Leave the pictures out and write out exactly the lines from the top of the entries through the line containing "#10=(LENGTH_UNIT() NAMED_UNIT(*) SI_UNIT(.MILLI.,.METRE.));".

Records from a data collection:
- Opening Delimiter -

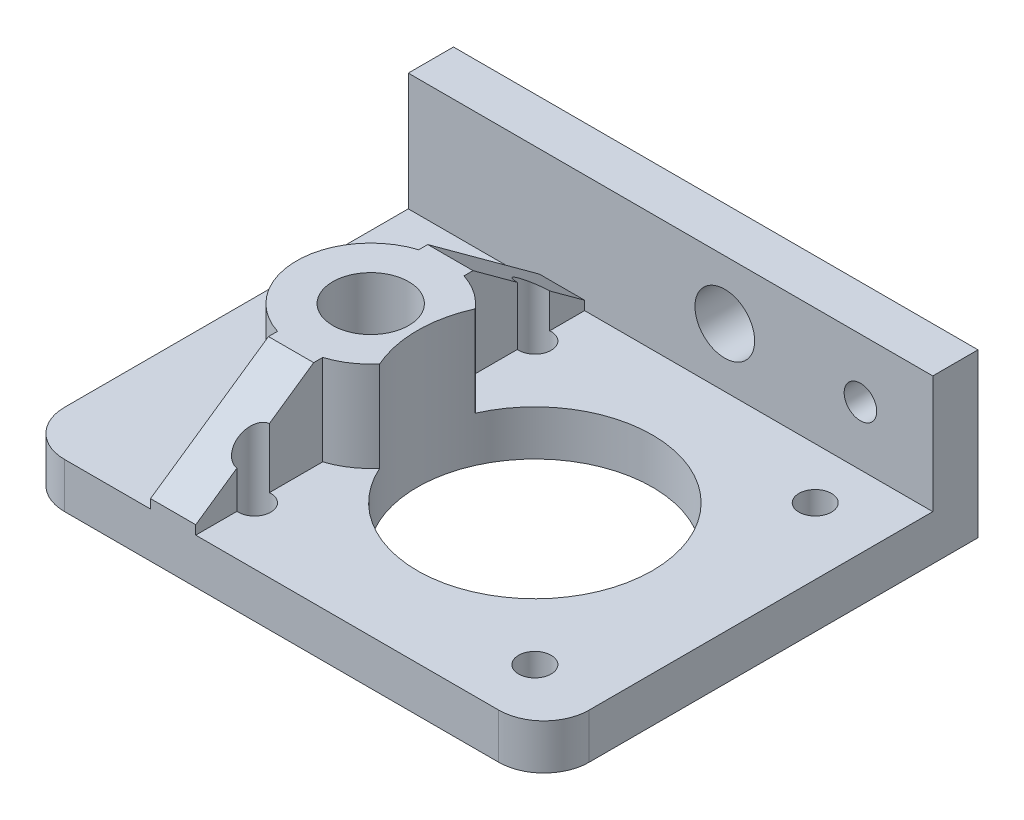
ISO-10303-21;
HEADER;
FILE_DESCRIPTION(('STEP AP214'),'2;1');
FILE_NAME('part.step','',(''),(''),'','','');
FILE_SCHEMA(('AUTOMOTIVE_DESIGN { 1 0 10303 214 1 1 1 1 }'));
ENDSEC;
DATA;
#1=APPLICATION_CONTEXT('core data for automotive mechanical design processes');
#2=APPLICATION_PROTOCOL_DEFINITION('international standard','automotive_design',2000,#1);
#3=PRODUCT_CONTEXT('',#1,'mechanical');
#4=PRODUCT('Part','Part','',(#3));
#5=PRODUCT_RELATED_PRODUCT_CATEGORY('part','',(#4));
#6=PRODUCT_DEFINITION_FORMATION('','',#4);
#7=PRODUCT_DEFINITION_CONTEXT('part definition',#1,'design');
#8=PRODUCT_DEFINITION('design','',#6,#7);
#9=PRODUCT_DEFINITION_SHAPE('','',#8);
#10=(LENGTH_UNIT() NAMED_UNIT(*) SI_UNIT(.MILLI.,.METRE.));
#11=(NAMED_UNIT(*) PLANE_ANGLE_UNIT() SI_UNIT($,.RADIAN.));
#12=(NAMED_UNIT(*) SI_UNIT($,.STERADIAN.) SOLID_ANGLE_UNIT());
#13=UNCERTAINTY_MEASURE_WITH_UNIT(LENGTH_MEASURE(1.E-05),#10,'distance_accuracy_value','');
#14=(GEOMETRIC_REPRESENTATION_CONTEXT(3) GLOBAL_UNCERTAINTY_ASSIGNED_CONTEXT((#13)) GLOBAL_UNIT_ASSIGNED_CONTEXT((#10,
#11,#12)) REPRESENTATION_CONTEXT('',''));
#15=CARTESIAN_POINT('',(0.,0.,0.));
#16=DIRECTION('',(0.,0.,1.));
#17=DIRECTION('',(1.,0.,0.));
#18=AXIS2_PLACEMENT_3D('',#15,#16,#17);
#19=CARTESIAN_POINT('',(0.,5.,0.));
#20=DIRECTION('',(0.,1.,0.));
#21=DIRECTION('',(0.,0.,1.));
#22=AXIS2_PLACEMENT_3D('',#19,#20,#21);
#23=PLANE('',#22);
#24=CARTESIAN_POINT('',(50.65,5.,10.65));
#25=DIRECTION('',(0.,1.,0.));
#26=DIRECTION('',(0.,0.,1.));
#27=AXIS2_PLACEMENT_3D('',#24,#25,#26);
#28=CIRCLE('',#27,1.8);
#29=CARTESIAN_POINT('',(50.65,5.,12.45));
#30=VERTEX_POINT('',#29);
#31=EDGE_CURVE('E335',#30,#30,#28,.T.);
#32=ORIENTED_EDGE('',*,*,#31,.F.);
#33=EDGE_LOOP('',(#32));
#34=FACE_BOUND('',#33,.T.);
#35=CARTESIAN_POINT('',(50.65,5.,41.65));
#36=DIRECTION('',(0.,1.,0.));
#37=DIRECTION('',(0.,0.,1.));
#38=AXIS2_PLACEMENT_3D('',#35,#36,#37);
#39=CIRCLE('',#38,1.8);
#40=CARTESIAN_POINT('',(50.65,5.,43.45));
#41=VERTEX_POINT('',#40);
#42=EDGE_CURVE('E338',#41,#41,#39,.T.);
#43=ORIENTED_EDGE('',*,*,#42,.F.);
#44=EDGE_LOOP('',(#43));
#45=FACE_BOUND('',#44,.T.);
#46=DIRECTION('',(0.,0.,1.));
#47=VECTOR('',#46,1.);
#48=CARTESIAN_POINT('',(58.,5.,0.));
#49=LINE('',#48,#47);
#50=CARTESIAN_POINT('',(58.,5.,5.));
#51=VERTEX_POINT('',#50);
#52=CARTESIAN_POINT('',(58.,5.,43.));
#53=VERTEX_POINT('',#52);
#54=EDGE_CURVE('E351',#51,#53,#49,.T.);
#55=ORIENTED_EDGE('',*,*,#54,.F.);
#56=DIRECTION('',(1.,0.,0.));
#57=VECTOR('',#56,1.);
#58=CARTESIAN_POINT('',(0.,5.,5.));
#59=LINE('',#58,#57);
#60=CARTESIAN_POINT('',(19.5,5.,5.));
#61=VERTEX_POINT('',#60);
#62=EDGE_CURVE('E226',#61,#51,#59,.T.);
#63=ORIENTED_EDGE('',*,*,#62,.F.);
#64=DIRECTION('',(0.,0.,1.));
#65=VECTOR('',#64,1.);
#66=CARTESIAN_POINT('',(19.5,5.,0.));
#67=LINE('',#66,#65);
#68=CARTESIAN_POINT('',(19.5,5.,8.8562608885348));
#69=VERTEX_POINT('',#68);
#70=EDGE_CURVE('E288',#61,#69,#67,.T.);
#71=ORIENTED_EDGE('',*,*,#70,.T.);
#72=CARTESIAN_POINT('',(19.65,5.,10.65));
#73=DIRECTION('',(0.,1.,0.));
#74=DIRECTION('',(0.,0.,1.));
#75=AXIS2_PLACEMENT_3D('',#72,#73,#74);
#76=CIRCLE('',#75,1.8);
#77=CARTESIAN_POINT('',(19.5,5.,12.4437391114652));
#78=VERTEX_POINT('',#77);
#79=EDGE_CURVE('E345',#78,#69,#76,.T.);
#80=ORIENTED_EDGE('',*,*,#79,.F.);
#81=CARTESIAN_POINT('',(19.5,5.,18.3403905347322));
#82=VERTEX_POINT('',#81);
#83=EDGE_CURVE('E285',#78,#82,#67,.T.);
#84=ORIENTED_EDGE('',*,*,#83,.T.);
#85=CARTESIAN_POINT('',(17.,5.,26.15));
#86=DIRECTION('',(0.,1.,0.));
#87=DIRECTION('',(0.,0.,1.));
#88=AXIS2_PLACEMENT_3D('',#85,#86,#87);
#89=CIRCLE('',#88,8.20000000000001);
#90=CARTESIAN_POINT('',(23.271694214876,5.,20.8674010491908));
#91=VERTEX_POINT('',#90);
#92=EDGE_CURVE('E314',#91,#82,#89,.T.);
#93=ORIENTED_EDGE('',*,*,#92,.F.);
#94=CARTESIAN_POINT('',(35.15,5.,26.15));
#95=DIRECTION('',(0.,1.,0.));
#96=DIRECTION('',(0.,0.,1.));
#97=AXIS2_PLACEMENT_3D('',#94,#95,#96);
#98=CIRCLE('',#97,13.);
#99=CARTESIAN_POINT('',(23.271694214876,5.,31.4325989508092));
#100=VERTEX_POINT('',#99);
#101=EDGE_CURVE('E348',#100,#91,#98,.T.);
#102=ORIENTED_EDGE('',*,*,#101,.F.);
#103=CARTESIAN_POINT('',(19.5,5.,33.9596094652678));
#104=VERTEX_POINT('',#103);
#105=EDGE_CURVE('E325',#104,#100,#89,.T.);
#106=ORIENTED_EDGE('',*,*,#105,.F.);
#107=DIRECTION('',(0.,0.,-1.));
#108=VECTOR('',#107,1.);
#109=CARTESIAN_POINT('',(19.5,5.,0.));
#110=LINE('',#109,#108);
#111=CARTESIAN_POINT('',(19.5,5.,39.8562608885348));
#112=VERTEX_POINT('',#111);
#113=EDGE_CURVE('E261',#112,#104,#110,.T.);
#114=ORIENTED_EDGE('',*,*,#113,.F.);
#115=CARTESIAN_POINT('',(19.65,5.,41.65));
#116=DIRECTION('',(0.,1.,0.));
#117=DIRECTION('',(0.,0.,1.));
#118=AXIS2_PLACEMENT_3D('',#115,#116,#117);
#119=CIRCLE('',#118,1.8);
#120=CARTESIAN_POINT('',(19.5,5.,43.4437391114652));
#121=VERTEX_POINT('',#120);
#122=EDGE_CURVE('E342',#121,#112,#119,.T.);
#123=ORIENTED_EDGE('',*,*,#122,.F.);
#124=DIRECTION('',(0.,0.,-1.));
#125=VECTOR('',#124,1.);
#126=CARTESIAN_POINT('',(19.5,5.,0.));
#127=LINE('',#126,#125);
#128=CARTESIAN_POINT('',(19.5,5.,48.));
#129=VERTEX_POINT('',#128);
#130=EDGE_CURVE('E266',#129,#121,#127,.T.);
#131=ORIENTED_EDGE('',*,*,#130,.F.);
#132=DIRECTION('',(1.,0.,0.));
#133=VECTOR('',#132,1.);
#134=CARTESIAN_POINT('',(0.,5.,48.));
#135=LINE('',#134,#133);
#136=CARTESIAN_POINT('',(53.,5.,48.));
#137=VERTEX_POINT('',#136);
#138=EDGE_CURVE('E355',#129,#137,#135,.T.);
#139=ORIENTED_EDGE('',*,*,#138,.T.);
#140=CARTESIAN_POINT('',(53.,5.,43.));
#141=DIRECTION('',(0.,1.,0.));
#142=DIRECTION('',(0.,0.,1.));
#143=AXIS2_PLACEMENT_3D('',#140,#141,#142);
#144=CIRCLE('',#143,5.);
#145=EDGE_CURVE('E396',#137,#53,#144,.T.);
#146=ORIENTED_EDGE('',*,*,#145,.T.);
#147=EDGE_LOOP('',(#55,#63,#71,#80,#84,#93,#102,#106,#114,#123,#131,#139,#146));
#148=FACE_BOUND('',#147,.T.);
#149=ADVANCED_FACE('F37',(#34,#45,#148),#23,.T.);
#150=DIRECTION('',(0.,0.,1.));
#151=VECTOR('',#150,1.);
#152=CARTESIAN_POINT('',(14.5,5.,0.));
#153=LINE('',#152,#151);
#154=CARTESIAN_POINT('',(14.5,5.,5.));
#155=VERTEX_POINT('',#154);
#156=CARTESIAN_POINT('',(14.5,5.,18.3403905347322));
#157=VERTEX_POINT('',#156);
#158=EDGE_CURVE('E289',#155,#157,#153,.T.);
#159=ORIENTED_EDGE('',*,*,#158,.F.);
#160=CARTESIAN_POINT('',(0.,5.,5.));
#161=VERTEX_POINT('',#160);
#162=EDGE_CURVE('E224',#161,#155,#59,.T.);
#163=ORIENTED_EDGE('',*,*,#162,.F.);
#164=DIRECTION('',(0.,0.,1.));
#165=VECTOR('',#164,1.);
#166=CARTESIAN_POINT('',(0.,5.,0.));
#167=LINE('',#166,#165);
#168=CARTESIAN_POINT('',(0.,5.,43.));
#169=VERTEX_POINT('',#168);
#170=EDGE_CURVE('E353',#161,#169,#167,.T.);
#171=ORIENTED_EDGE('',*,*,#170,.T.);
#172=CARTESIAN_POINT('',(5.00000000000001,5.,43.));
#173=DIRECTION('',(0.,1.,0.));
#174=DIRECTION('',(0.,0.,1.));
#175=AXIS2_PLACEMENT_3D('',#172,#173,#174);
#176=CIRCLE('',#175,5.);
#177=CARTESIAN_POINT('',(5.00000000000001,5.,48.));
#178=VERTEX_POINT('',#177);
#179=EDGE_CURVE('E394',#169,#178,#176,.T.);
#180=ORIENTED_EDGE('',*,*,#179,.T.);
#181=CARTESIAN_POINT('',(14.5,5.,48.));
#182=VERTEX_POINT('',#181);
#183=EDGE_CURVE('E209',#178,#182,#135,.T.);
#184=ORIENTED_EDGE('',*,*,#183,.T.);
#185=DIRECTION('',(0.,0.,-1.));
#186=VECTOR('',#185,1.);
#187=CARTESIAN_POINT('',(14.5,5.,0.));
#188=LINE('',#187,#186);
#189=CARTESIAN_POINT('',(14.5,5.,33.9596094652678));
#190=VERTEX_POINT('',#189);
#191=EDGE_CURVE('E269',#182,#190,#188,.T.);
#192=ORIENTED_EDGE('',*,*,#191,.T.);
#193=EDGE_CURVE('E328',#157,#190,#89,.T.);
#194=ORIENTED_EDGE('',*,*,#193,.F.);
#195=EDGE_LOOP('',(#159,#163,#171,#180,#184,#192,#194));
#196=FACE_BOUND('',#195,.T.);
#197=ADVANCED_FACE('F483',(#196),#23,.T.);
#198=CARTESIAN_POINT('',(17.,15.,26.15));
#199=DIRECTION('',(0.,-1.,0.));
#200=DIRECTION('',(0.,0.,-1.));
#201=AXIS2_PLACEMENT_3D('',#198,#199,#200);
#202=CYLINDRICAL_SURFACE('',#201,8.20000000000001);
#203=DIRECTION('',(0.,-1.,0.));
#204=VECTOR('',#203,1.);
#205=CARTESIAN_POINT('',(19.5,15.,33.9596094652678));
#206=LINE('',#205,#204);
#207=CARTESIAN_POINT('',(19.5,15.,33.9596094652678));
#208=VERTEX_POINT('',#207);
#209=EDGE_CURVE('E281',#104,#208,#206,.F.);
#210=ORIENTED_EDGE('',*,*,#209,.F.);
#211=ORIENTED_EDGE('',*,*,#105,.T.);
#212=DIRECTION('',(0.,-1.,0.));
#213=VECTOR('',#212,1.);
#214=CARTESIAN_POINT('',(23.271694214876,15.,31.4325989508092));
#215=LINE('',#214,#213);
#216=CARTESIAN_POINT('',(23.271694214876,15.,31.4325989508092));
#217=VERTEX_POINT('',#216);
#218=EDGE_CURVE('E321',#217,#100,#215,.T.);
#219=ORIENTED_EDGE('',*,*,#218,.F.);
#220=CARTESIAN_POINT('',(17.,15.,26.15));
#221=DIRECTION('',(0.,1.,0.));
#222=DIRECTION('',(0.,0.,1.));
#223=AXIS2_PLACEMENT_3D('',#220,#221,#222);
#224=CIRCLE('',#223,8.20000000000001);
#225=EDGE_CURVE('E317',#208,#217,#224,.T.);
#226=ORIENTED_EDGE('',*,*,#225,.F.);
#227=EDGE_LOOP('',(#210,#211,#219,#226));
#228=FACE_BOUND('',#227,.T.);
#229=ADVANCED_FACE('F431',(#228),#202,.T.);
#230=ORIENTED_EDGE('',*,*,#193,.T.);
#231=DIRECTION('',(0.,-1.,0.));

- Closing Delimiter -

Output of the exercise:
ISO-10303-21;
HEADER;
FILE_DESCRIPTION(('STEP AP214'),'2;1');
FILE_NAME('part.step','',(''),(''),'','','');
FILE_SCHEMA(('AUTOMOTIVE_DESIGN { 1 0 10303 214 1 1 1 1 }'));
ENDSEC;
DATA;
#1=APPLICATION_CONTEXT('core data for automotive mechanical design processes');
#2=APPLICATION_PROTOCOL_DEFINITION('international standard','automotive_design',2000,#1);
#3=PRODUCT_CONTEXT('',#1,'mechanical');
#4=PRODUCT('Part','Part','',(#3));
#5=PRODUCT_RELATED_PRODUCT_CATEGORY('part','',(#4));
#6=PRODUCT_DEFINITION_FORMATION('','',#4);
#7=PRODUCT_DEFINITION_CONTEXT('part definition',#1,'design');
#8=PRODUCT_DEFINITION('design','',#6,#7);
#9=PRODUCT_DEFINITION_SHAPE('','',#8);
#10=(LENGTH_UNIT() NAMED_UNIT(*) SI_UNIT(.MILLI.,.METRE.));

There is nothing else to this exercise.